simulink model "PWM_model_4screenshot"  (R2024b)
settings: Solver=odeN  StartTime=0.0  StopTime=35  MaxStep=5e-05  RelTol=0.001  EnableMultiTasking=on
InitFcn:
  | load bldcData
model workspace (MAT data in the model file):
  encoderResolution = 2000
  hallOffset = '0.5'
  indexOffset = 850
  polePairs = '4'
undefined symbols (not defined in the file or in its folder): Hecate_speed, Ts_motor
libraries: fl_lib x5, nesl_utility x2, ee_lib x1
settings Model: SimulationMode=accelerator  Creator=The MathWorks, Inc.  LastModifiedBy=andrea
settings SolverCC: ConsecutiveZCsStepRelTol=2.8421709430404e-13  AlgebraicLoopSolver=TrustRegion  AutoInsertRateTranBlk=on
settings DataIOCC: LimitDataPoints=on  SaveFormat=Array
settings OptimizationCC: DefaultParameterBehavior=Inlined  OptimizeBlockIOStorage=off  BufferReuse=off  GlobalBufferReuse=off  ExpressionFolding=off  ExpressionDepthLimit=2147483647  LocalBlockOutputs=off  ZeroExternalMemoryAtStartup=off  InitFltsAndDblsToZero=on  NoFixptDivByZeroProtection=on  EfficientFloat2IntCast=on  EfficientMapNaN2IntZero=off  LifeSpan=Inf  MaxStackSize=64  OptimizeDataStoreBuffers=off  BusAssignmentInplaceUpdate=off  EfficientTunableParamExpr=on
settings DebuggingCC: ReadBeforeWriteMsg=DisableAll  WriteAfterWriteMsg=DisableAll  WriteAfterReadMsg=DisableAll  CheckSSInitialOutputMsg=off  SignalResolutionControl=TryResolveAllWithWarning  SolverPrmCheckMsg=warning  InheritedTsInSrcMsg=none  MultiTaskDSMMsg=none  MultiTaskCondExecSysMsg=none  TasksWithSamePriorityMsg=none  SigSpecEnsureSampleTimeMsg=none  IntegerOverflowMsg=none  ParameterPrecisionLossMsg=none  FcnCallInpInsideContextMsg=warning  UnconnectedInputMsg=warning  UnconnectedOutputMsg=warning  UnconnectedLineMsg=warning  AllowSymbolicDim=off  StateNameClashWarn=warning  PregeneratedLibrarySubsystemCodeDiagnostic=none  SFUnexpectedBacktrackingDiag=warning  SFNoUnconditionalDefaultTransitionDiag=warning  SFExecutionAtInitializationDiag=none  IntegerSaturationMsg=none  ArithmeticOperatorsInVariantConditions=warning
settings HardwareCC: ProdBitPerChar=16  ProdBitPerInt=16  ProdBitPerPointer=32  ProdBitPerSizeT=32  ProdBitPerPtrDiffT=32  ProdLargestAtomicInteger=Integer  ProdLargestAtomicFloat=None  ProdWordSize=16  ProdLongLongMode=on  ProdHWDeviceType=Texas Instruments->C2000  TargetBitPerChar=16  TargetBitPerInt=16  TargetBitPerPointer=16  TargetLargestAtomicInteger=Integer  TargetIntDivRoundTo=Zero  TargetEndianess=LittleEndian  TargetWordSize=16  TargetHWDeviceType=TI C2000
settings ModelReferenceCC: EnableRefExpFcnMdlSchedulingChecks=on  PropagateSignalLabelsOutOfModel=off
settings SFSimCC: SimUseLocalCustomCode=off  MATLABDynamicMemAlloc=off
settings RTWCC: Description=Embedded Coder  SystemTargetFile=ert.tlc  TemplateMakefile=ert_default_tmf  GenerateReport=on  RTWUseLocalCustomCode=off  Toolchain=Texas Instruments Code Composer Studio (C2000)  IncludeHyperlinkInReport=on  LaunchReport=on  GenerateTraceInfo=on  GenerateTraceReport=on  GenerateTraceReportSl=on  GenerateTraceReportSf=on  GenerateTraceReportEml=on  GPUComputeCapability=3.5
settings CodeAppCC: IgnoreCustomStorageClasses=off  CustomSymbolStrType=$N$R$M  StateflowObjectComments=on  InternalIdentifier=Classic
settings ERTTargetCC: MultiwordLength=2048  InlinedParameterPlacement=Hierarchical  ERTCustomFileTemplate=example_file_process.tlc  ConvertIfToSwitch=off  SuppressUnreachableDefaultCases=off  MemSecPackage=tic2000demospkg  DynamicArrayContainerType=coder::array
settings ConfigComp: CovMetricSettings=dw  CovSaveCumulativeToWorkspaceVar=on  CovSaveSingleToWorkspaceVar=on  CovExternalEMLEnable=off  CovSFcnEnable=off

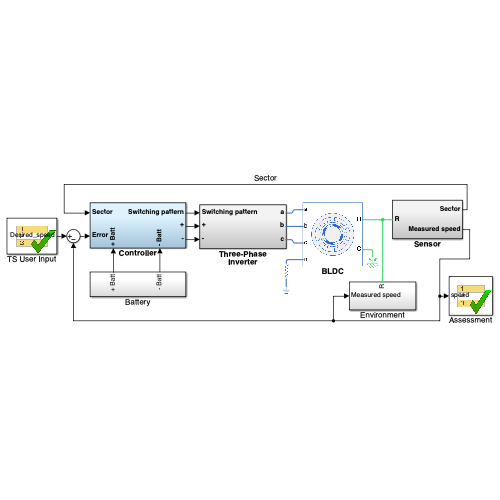
[thumbnail: Simulink's stored preview of the top-level diagram]
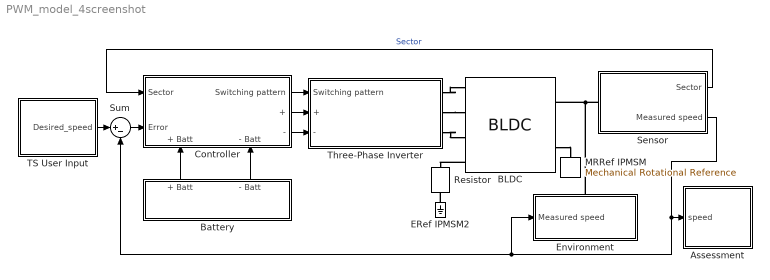
== system PWM_model_4screenshot ==
  Assessment : Test Sequence  TreatAsAtomicUnit=on
  BLDC : ee_lib/Electromechanical/Permanent Magnet/BLDC  port_option=ee.enum.threePhasePort.expanded  rotor_param=ee.enum.pmsm.backemf.trapezoidbackemf  pm_flux_linkage=0.18 Wb  theta_constant=120/23 deg  emf_max=20 V  w_meas=300 rpm  DphiDtheta_tab=[0, -.1528, -.1528, .1528, .1528, 0] Wb/rad  back_emf_tab=[0, -9.6, -9.6, 9.6, 9.6, 0] V  rotor_angle_tab=[0, 7.5, 22.5, 37.5, 52.5, 60] deg  nPolePairs=23  axes_param=ee.enum.rotorangle.daxis  winding_type=ee.enum.statorconnection.wye  stator_param=ee.enum.statorparam.LsLmMs  machine_param=ee.enum.dqparameterization.constant  Ld=0.00026 H  Lq=0.00026 H  idVec=[-200, 0, 200] A  iqVec=[-200, 0, 200] A  LdMatrix=0.00022 * ones(3, 3) H  LqMatrix=0.00022 * ones(3, 3) H  L0=0.00016 H  Ls=0.00026 H  Lm=0 H  Ms=0.00002 H  Rs=0.12 Ohm  zero_sequence=ee.enum.park.zerosequence.include  loss_param=ee.enum.ironloss.none  losses_oc=[0, 0, 0] W  losses_sc=[0, 0, 0] W  f_losses=60 Hz  Isc_losses=95 A  J=0 kg*m^2  lam=0.1 N*m/(rad/s)  i_d_specify=off  i_d_priority=None  i_d=0 A  i_d_nominal_specify=off  i_d_nominal_value=1  i_d_nominal_unit=A  i_q_specify=off  i_q_priority=None  i_q=0 A  i_q_nominal_specify=off  i_q_nominal_value=1  i_q_nominal_unit=A  torque_specify=off  torque_priority=None  torque=0 N*m  torque_nominal_specify=off  torque_nominal_value=1  torque_nominal_unit=N*m  angular_velocity_specify=off  angular_velocity_priority=High  angular_velocity=0 rpm  angular_velocity_nominal_specify=off  angular_velocity_nominal_value=1  angular_velocity_nominal_unit=rpm  angular_position_specify=off  angular_position_priority=High  angular_position=0 deg  angular_position_nominal_specify=off  angular_position_nominal_value=1  angular_position_nominal_unit=deg  alpha=3.93e-3 1/K  alpha_flux=-0.001 1/K  Tmeas=298.15 K  stator_thermal_mass=100 J/K  rotor_thermal_mass=200 J/K  Rm_percent_rotor=90  Rd_percent_rotor=30  temperatureA_specify=off  temperatureA_priority=High  temperatureA=25 degC  temperatureA_nominal_specify=off  temperatureA_nominal_value=1  temperatureA_nominal_unit=degC  temperatureB_specify=off  temperatureB_priority=High  temperatureB=25 degC  temperatureB_nominal_specify=off  temperatureB_nominal_value=1  temperatureB_nominal_unit=degC  temperatureC_specify=off  temperatureC_priority=High  temperatureC=25 degC  temperatureC_nominal_specify=off  temperatureC_nominal_value=1  temperatureC_nominal_unit=degC  temperatureR_specify=off  temperatureR_priority=High  temperatureR=25 degC  temperatureR_nominal_specify=off  temperatureR_nominal_value=1  temperatureR_nominal_unit=degC
      settings: InternalSimscapePortConfiguration="{\"Bottom\":[],\"Left\":[{\"id\":\"a\",\"label\":\"a\",\"type\":\"foundation.electrical.electrical\"},{\"id\":\"b\",\"label\":\"b\",\"type\":\"foundation.electrical.electrical\"},{\"id\":\"c\",\"label\":\"c\",\"type\":\"foundation.electrical.electrical\"},{\"id\":\"n\",\"label\":\"n\",\"type\":\"foundation.electrical.electrical\"}],\"Right\":[{\"id\":\"R\",\"label\":\"R\",\"type\":\"foundation.mechanical.rotational.rotational\"},{\"id\":\"C\",\"label\":\"C\",\"type\":\"foundation.mechanical.rotational.rotational\"}],\"Top\":[]}"
  Battery : Subsystem
      settings: PortSchema="{\"entries\":[{\"content\":{\"sides\":[{\"content\":{},\"type\":\"ConnectorPlacement.EquallySpacedRectSide\",\"uuid\":\"b9718aef-fc37-4786-bd99-1dccf9b07c4f\"},{\"content\":{\"side\":\"RIGHT\"},\"type\":\"ConnectorPlacement.EquallySpacedRectSide\",\"uuid\":\"5820c9b3-5480-4dfb-8619-e8171224d142\"},{\"content\":{\"connectorIds\":[\"Out1\",\"Out2\"],\"side\":\"TOP\"},\"type\":\"ConnectorPlacement.EquallySpacedRectSide\",\"uuid\":\"c449666b-5582-45da-b4a5-53b32c40c228\"}]},\"type\":\"ConnectorPlacement.EquallySpacedConnector\",\"uuid\":\"1a96bb2a-99ae-4235-9339-f0a559bfd98e\"}],\"packageUris\":[\"http://schema.mathworks.com/mf0/Connector/R2020b\"],\"version\":\"1.0\"}"
  Controller : Subsystem
      settings: PortSchema="{\"entries\":[{\"content\":{\"sides\":[{\"content\":{\"connectorIds\":[\"In1\",\"In2\"]},\"type\":\"ConnectorPlacement.EquallySpacedRectSide\",\"uuid\":\"2ab9d340-b50e-4422-9f4a-f0df7672da06\"},{\"content\":{\"connectorIds\":[\"Out1\",\"Out2\",\"Out3\"],\"side\":\"RIGHT\"},\"type\":\"ConnectorPlacement.EquallySpacedRectSide\",\"uuid\":\"8a4a8f23-4dad-4f8d-b073-fdebce0398f2\"},{\"content\":{\"side\":\"TOP\"},\"type\":\"ConnectorPlacement.EquallySpacedRectSide\",\"uuid\":\"b8c5a98d-225d-4655-b3bc-dd2e061911fb\"},{\"content\":{\"connectorIds\":[\"In3\",\"In4\"],\"side\":\"BOTTOM\"},\"type\":\"ConnectorPlacement.EquallySpacedRectSide\",\"uuid\":\"b2d3fee4-6eef-4d21-a73a-f8383ccb3ce8\"}]},\"type\":\"ConnectorPlacement.EquallySpacedConnector\",\"uuid\":\"adbcbcaa-ff3a-439a-b018-a3a47520a1df\"}],\"packageUris\":[\"http://schema.mathworks.com/mf0/Connector/R2020b\"],\"version\":\"1.0\"}"
  ERef IPMSM2 : fl_lib/Electrical/Electrical Elements/Electrical Reference
  Environment : Subsystem
      settings: PortSchema="{\"entries\":[{\"content\":{\"sides\":[{\"content\":{\"connectorIds\":[\"In1\"]},\"type\":\"ConnectorPlacement.EquallySpacedRectSide\",\"uuid\":\"b9718aef-fc37-4786-bd99-1dccf9b07c4f\"},{\"content\":{\"side\":\"RIGHT\"},\"type\":\"ConnectorPlacement.EquallySpacedRectSide\",\"uuid\":\"5820c9b3-5480-4dfb-8619-e8171224d142\"},{\"content\":{\"connectorIds\":[\"LConn1\"],\"side\":\"TOP\"},\"type\":\"ConnectorPlacement.EquallySpacedRectSide\",\"uuid\":\"c449666b-5582-45da-b4a5-53b32c40c228\"}]},\"type\":\"ConnectorPlacement.EquallySpacedConnector\",\"uuid\":\"1a96bb2a-99ae-4235-9339-f0a559bfd98e\"}],\"packageUris\":[\"http://schema.mathworks.com/mf0/Connector/R2020b\"],\"version\":\"1.0\"}"
  MRRef IPMSM : fl_lib/Mechanical/Rotational Elements/Mechanical Rotational Reference
  Resistor : fl_lib/Electrical/Electrical Elements/Resistor  R=1e9 Ohm  i_specify=off  i_priority=None  i=0 A  i_nominal_specify=off  i_nominal_value=1  i_nominal_unit=A  v_specify=off  v_priority=None  v=0 V  v_nominal_specify=off  v_nominal_value=1  v_nominal_unit=V
  Sensor : Subsystem
  Sum : Sum  Inputs=|+-
  TS User Input : Test Sequence  TreatAsAtomicUnit=on
  Three-Phase Inverter : Subsystem
  wires:
  Sensor/1(Sector) -> Controller/1(Sector)  "Sector"
  Sum/1 -> Controller/2(Error)
  TS User Input/1(Desired_speed) -> Sum/1
  Controller/1(Switching pattern) -> Three-Phase Inverter/1(Switching pattern)
  Battery/1(+ Batt) -> Controller/3(+ Batt)
  Battery/2(- Batt) -> Controller/4(- Batt)
  Controller/2(+) -> Three-Phase Inverter/2(+)
  Controller/3(-) -> Three-Phase Inverter/3(-)
  Sensor/2(Measured speed) -> Environment/1(Measured speed), Sum/2, Assessment/1(speed)
  connections:
  ERef IPMSM2/LConn1 -- Resistor/RConn1
  BLDC/LConn4 -- Resistor/LConn1
  Sensor/LConn1 -- Environment/LConn1 -- BLDC/RConn1
  BLDC/RConn2 -- MRRef IPMSM/LConn1
  Three-Phase Inverter/RConn1 -- BLDC/LConn1
  Three-Phase Inverter/RConn2 -- BLDC/LConn2
  Three-Phase Inverter/RConn3 -- BLDC/LConn3

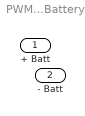
== system PWM_model_4screenshot/Battery ==
  + Batt : Outport
  - Batt : Outport  Port=2

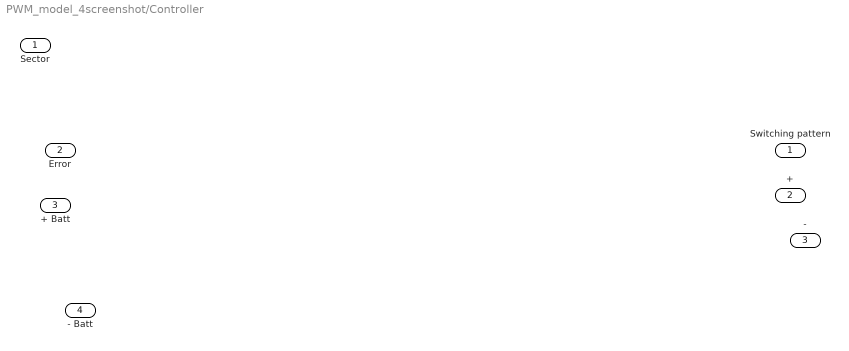
== system PWM_model_4screenshot/Controller ==
  Sector : Inport
  Error : Inport  Port=2
  + Batt : Inport  Port=3
  - Batt : Inport  Port=4
  Switching pattern : Outport
  + : Outport  Port=2
  - : Outport  Port=3

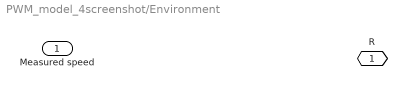
== system PWM_model_4screenshot/Environment ==
  Measured speed : Inport
  R : PMIOPort  Side=Left

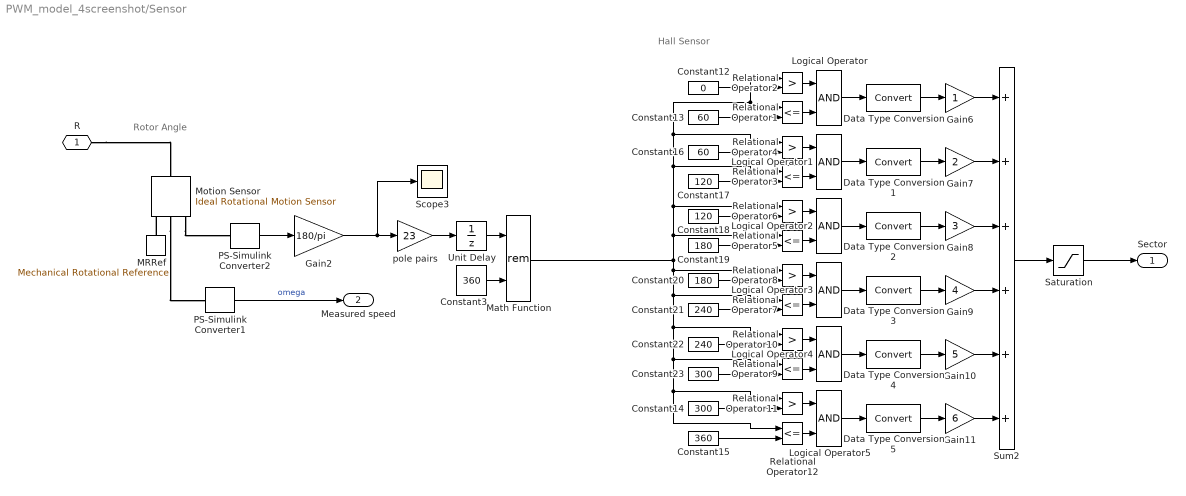
== system PWM_model_4screenshot/Sensor ==
  note: Rotor Angle
  note: Hall Sensor
  Constant12 : Constant  Value=0
  Constant13 : Constant  Value=60
  Constant14 : Constant  Value=300
  Constant15 : Constant  Value=360
  Constant16 : Constant  Value=60
  Constant17 : Constant  Value=120
  Constant18 : Constant  Value=120
  Constant19 : Constant  Value=180
  Constant20 : Constant  Value=180
  Constant21 : Constant  Value=240
  Constant22 : Constant  Value=240
  Constant23 : Constant  Value=300
  Constant3 : Constant  Value=360
  Data Type Conversion{,1..5} (6 alike) : DataTypeConversion
  Gain10 : Gain  Gain=5  SaturateOnIntegerOverflow=on  OutDataTypeStr=Inherit: Same as input  ParamDataTypeStr=Inherit: Same as input
  Gain11 : Gain  Gain=6  SaturateOnIntegerOverflow=on  OutDataTypeStr=Inherit: Same as input  ParamDataTypeStr=Inherit: Same as input
  Gain2 : Gain  Gain=180/pi
  Gain6 : Gain  SaturateOnIntegerOverflow=on  OutDataTypeStr=Inherit: Same as input  ParamDataTypeStr=Inherit: Same as input
  Gain7 : Gain  Gain=2  SaturateOnIntegerOverflow=on  OutDataTypeStr=Inherit: Same as input  ParamDataTypeStr=Inherit: Same as input
  Gain8 : Gain  Gain=3  SaturateOnIntegerOverflow=on  OutDataTypeStr=Inherit: Same as input  ParamDataTypeStr=Inherit: Same as input
  Gain9 : Gain  Gain=4  SaturateOnIntegerOverflow=on  OutDataTypeStr=Inherit: Same as input  ParamDataTypeStr=Inherit: Same as input
  Logical Operator{,1..5} (6 alike) : Logic
  MRRef : fl_lib/Mechanical/Rotational Elements/Mechanical Rotational Reference
  Math Function : Math  Operator=rem  SignedPower=on
  Motion Sensor : fl_lib/Mechanical/Mechanical Sensors/Ideal Rotational Motion Sensor  reference=foundation.enum.MeasurementReference.difference  acceleration_port=false  velocity_port=true  position_port=true  wrap_angle=false  offset=0 deg
  PS-Simulink Converter1 : nesl_utility/PS-Simulink Converter  PhysicalDomain=network_engine_domain  SubClassName=ps_output  LeftPortType=input  RightPortType=output  PseudoPeriodic=off  Frequencies=[]  VectorFormat=1-D array  Unit=rpm  AffineConversion=off
  PS-Simulink Converter2 : nesl_utility/PS-Simulink Converter  PhysicalDomain=network_engine_domain  SubClassName=ps_output  LeftPortType=input  RightPortType=output  PseudoPeriodic=off  Frequencies=[]  VectorFormat=1-D array  Unit=rad  AffineConversion=off
  Relational Operator{1,3,5,7,9,12} (6 alike) : RelationalOperator  Operator=<=
  Relational Operator{2,4,6,8,10..11} (6 alike) : RelationalOperator  Operator=>
  Saturation : Saturate  UpperLimit=6  LowerLimit=1
  Scope3 : Scope
  Sum2 : Sum  Inputs=++++++  InputSameDT=on  SaturateOnIntegerOverflow=on  OutDataTypeStr=Inherit: Same as first input
  Unit Delay : UnitDelay  SampleTime=Ts_motor  HasFrameUpgradeWarning=on
  pole pairs : Gain  Gain=23
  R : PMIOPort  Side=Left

_Requirement_:
Your answer must be the lines above, unchanged, from the first one through the line that holds "settings DataIOCC: LimitDataPoints=on", inclusive, and no others.

_Reply to the exercise_:
simulink model "PWM_model_4screenshot"  (R2024b)
settings: Solver=odeN  StartTime=0.0  StopTime=35  MaxStep=5e-05  RelTol=0.001  EnableMultiTasking=on
InitFcn:
  | load bldcData
model workspace (MAT data in the model file):
  encoderResolution = 2000
  hallOffset = '0.5'
  indexOffset = 850
  polePairs = '4'
undefined symbols (not defined in the file or in its folder): Hecate_speed, Ts_motor
libraries: fl_lib x5, nesl_utility x2, ee_lib x1
settings Model: SimulationMode=accelerator  Creator=The MathWorks, Inc.  LastModifiedBy=andrea
settings SolverCC: ConsecutiveZCsStepRelTol=2.8421709430404e-13  AlgebraicLoopSolver=TrustRegion  AutoInsertRateTranBlk=on
settings DataIOCC: LimitDataPoints=on  SaveFormat=Array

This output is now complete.